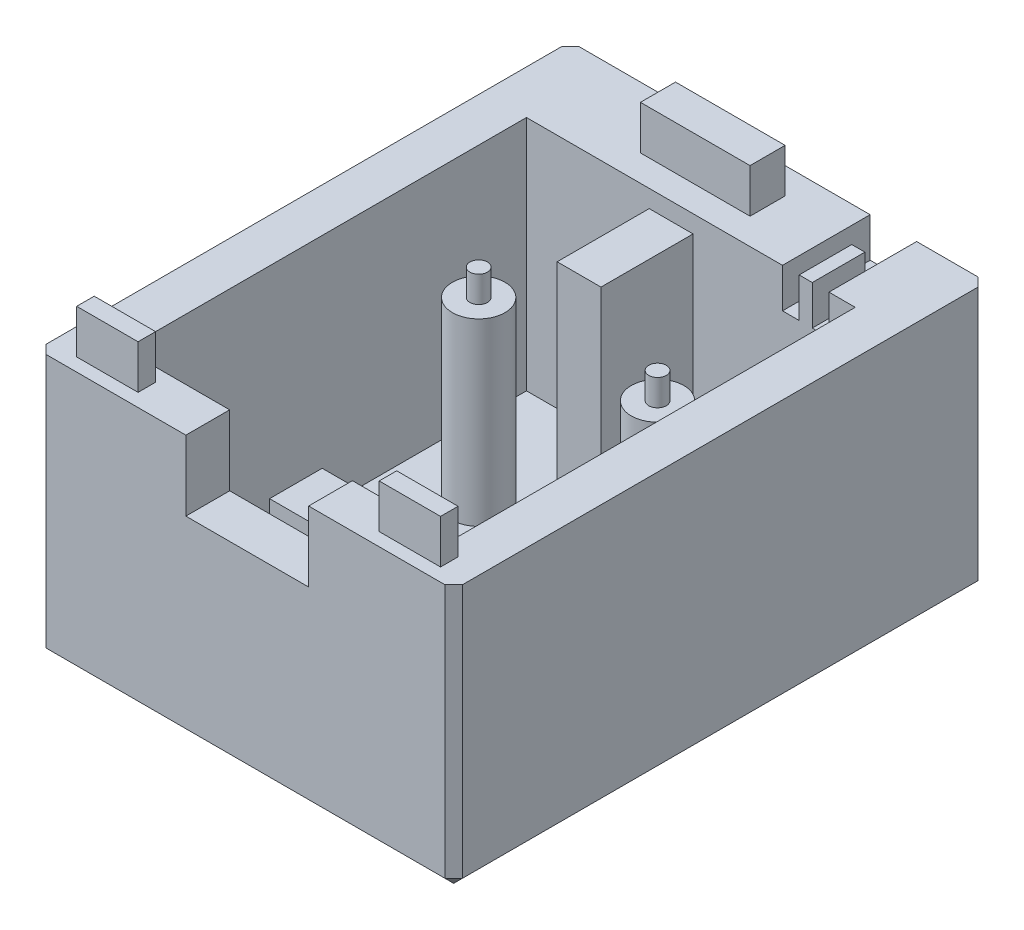
from build123d import *

# Parameters (mm, degrees)
SKETCH_1_W          = 47.5
SKETCH_1_H          = 60.8
EXTRUDE_1_DEPTH     = 30
SKETCH_3_W          = 37.5
SKETCH_3_H          = 45.8
CUT_EXTRUDE_1_DEPTH = 27
SKETCH_4_W          = 14
SKETCH_4_H          = 5
CUT_EXTRUDE_2_DEPTH = 8
SKETCH_5_R          = 3
SKETCH_5_W          = 6
SKETCH_5_H          = 6
EXTRUDE_4_DEPTH     = 20.5
SKETCH_6_W          = 5
SKETCH_6_H          = 10.5
EXTRUDE_6_DEPTH     = 25
SKETCH_7_R          = 1
EXTRUDE_7_DEPTH     = 3
SKETCH_12_W         = 5.3
SKETCH_12_H         = 4.5
CUT_EXTRUDE_5_DEPTH = 10
SKETCH_13_W         = 1.5
SKETCH_13_H         = 6
EXTRUDE_8_DEPTH     = 4.5
SKETCH_14_W         = 30
SKETCH_14_H         = 3
CUT_EXTRUDE_6_DEPTH = 3
CHAMFER_1_SIZE      = 1
SKETCH_16_W         = 12.5
SKETCH_16_H         = 4
SKETCH_16_W_2       = 7
SKETCH_16_H_2       = 2
EXTRUDE_9_DEPTH     = 5


with BuildPart() as part:
    # 草图1 → 凸台-拉伸1 (new body)
    with BuildSketch(Plane(origin=(0, 0, 0), x_dir=(1, 0, 0), z_dir=(0, 1, 0))):
        with Locations((-26.283333333, -1.583333333)):
            Rectangle(SKETCH_1_W, SKETCH_1_H)
    extrude(amount=EXTRUDE_1_DEPTH)

    # 草图3 → 切除-拉伸1 (cut)
    with BuildSketch(Plane(origin=(0, 30, 0), x_dir=(1, 0, 0), z_dir=(0, 1, 0))):
        with Locations((-26.283333333, -4.083333333)):
            Rectangle(SKETCH_3_W, SKETCH_3_H)
    extrude(amount=-CUT_EXTRUDE_1_DEPTH, mode=Mode.SUBTRACT)

    # 草图4 → 切除-拉伸2 (cut)
    with BuildSketch(Plane(origin=(0, 30, 0), x_dir=(1, 0, 0), z_dir=(0, 1, 0))):
        with Locations((-26.083333333, -29.483333333)):
            Rectangle(SKETCH_4_W, SKETCH_4_H)
    extrude(amount=-CUT_EXTRUDE_2_DEPTH, mode=Mode.SUBTRACT)

    # 草图5 → 凸台-拉伸4 (add)
    with BuildSketch(Plane(origin=(0, 3, 0), x_dir=(1, 0, 0), z_dir=(0, 1, 0))):
        with Locations(Location((-16.083333333, 4.816666667, 0), (0, 0, 270))):
            Circle(SKETCH_5_R)
        with Locations(Location((-36.483333333, 4.816666667, 0), (0, 0, 270))):
            Circle(SKETCH_5_R)
        with Locations((-25.533333333, -23.983333333)):
            Rectangle(SKETCH_5_W, SKETCH_5_H)
    extrude(amount=EXTRUDE_4_DEPTH)

    # 草图6 → 凸台-拉伸6 (add)
    with BuildSketch(Plane(origin=(0, 3, 0), x_dir=(1, 0, 0), z_dir=(0, 1, 0))):
        with Locations((-28.533333333, 13.566666667)):
            Rectangle(SKETCH_6_W, SKETCH_6_H)
    extrude(amount=EXTRUDE_6_DEPTH)

    # 草图7 → 凸台-拉伸7 (add)
    with BuildSketch(Plane(origin=(0, 23.5, 0), x_dir=(1, 0, 0), z_dir=(0, 1, 0))):
        with Locations(Location((-36.483333333, 4.816666667, 0), (0, 0, 270))):
            Circle(SKETCH_7_R)
        with Locations(Location((-16.083333333, 4.816666667, 0), (0, 0, 270))):
            Circle(SKETCH_7_R)
    extrude(amount=EXTRUDE_7_DEPTH)

    # 草图12 → 切除-拉伸5 (cut)
    with BuildSketch(Plane(origin=(0, 0, -28.816666667), x_dir=(-1, 0, 0), z_dir=(0, 0, -1))):
        with Locations((13.183333333, 27.75)):
            Rectangle(SKETCH_12_W, SKETCH_12_H)
    extrude(amount=-CUT_EXTRUDE_5_DEPTH, mode=Mode.SUBTRACT)

    # 草图13 → 凸台-拉伸8 (add)
    with BuildSketch(Plane(origin=(0, 25.5, 0), x_dir=(1, 0, 0), z_dir=(0, 1, 0))):
        with Locations((-13.183333333, 21.816666667)):
            Rectangle(SKETCH_13_W, SKETCH_13_H)
    extrude(amount=EXTRUDE_8_DEPTH)

    # 草图14 → 切除-拉伸6 (cut)
    with BuildSketch(Plane(origin=(0, 3, 0), x_dir=(1, 0, 0), z_dir=(0, 1, 0))):
        with Locations((-26.033333333, -2.090371048)):
            Rectangle(SKETCH_14_W, SKETCH_14_H)
        with Locations((-26.033333333, -8.090371048)):
            Rectangle(SKETCH_14_W, SKETCH_14_H)
        with Locations((-26.033333333, -14.090371048)):
            Rectangle(SKETCH_14_W, SKETCH_14_H)
    extrude(amount=-CUT_EXTRUDE_6_DEPTH, mode=Mode.SUBTRACT)

    # 倒角1
    chamfer_1_edges = [part.edges().sort_by_distance(p)[0] for p in [
        (-26.283333333, 0, -28.816666667),
        (-2.533333333, 0, 1.583333333),
        (-26.283333333, 0, 31.983333333),
        (-50.033333333, 0, 1.583333333),
        (-50.033333333, 15, -28.816666667),
        (-2.533333333, 15, -28.816666667),
        (-2.533333333, 15, 31.983333333),
        (-50.033333333, 15, 31.983333333),
    ]]
    chamfer(chamfer_1_edges, length=CHAMFER_1_SIZE)

    # 草图16 → 凸台-拉伸9 (add)
    with BuildSketch(Plane(origin=(0, 30, 0), x_dir=(1, 0, 0), z_dir=(0, 1, 0))):
        with Locations((-28.783333333, 23.816666667)):
            Rectangle(SKETCH_16_W, SKETCH_16_H)
        with Locations((-9.033333333, -29.483333333)):
            Rectangle(SKETCH_16_W_2, SKETCH_16_H_2)
        with Locations((-43.533333333, -29.483333333)):
            Rectangle(SKETCH_16_W_2, SKETCH_16_H_2)
    extrude(amount=EXTRUDE_9_DEPTH)


solid = part.part

────────

Please, from the material above, copy only the lines from the line with "Rectangle(SKETCH_1_W, SKETCH_1_H)" up to and including the line with "# 草图12 → 切除-拉伸5 (cut)", exactly as written.

            Rectangle(SKETCH_1_W, SKETCH_1_H)
    extrude(amount=EXTRUDE_1_DEPTH)

    # 草图3 → 切除-拉伸1 (cut)
    with BuildSketch(Plane(origin=(0, 30, 0), x_dir=(1, 0, 0), z_dir=(0, 1, 0))):
        with Locations((-26.283333333, -4.083333333)):
            Rectangle(SKETCH_3_W, SKETCH_3_H)
    extrude(amount=-CUT_EXTRUDE_1_DEPTH, mode=Mode.SUBTRACT)

    # 草图4 → 切除-拉伸2 (cut)
    with BuildSketch(Plane(origin=(0, 30, 0), x_dir=(1, 0, 0), z_dir=(0, 1, 0))):
        with Locations((-26.083333333, -29.483333333)):
            Rectangle(SKETCH_4_W, SKETCH_4_H)
    extrude(amount=-CUT_EXTRUDE_2_DEPTH, mode=Mode.SUBTRACT)

    # 草图5 → 凸台-拉伸4 (add)
    with BuildSketch(Plane(origin=(0, 3, 0), x_dir=(1, 0, 0), z_dir=(0, 1, 0))):
        with Locations(Location((-16.083333333, 4.816666667, 0), (0, 0, 270))):
            Circle(SKETCH_5_R)
        with Locations(Location((-36.483333333, 4.816666667, 0), (0, 0, 270))):
            Circle(SKETCH_5_R)
        with Locations((-25.533333333, -23.983333333)):
            Rectangle(SKETCH_5_W, SKETCH_5_H)
    extrude(amount=EXTRUDE_4_DEPTH)

    # 草图6 → 凸台-拉伸6 (add)
    with BuildSketch(Plane(origin=(0, 3, 0), x_dir=(1, 0, 0), z_dir=(0, 1, 0))):
        with Locations((-28.533333333, 13.566666667)):
            Rectangle(SKETCH_6_W, SKETCH_6_H)
    extrude(amount=EXTRUDE_6_DEPTH)

    # 草图7 → 凸台-拉伸7 (add)
    with BuildSketch(Plane(origin=(0, 23.5, 0), x_dir=(1, 0, 0), z_dir=(0, 1, 0))):
        with Locations(Location((-36.483333333, 4.816666667, 0), (0, 0, 270))):
            Circle(SKETCH_7_R)
        with Locations(Location((-16.083333333, 4.816666667, 0), (0, 0, 270))):
            Circle(SKETCH_7_R)
    extrude(amount=EXTRUDE_7_DEPTH)

    # 草图12 → 切除-拉伸5 (cut)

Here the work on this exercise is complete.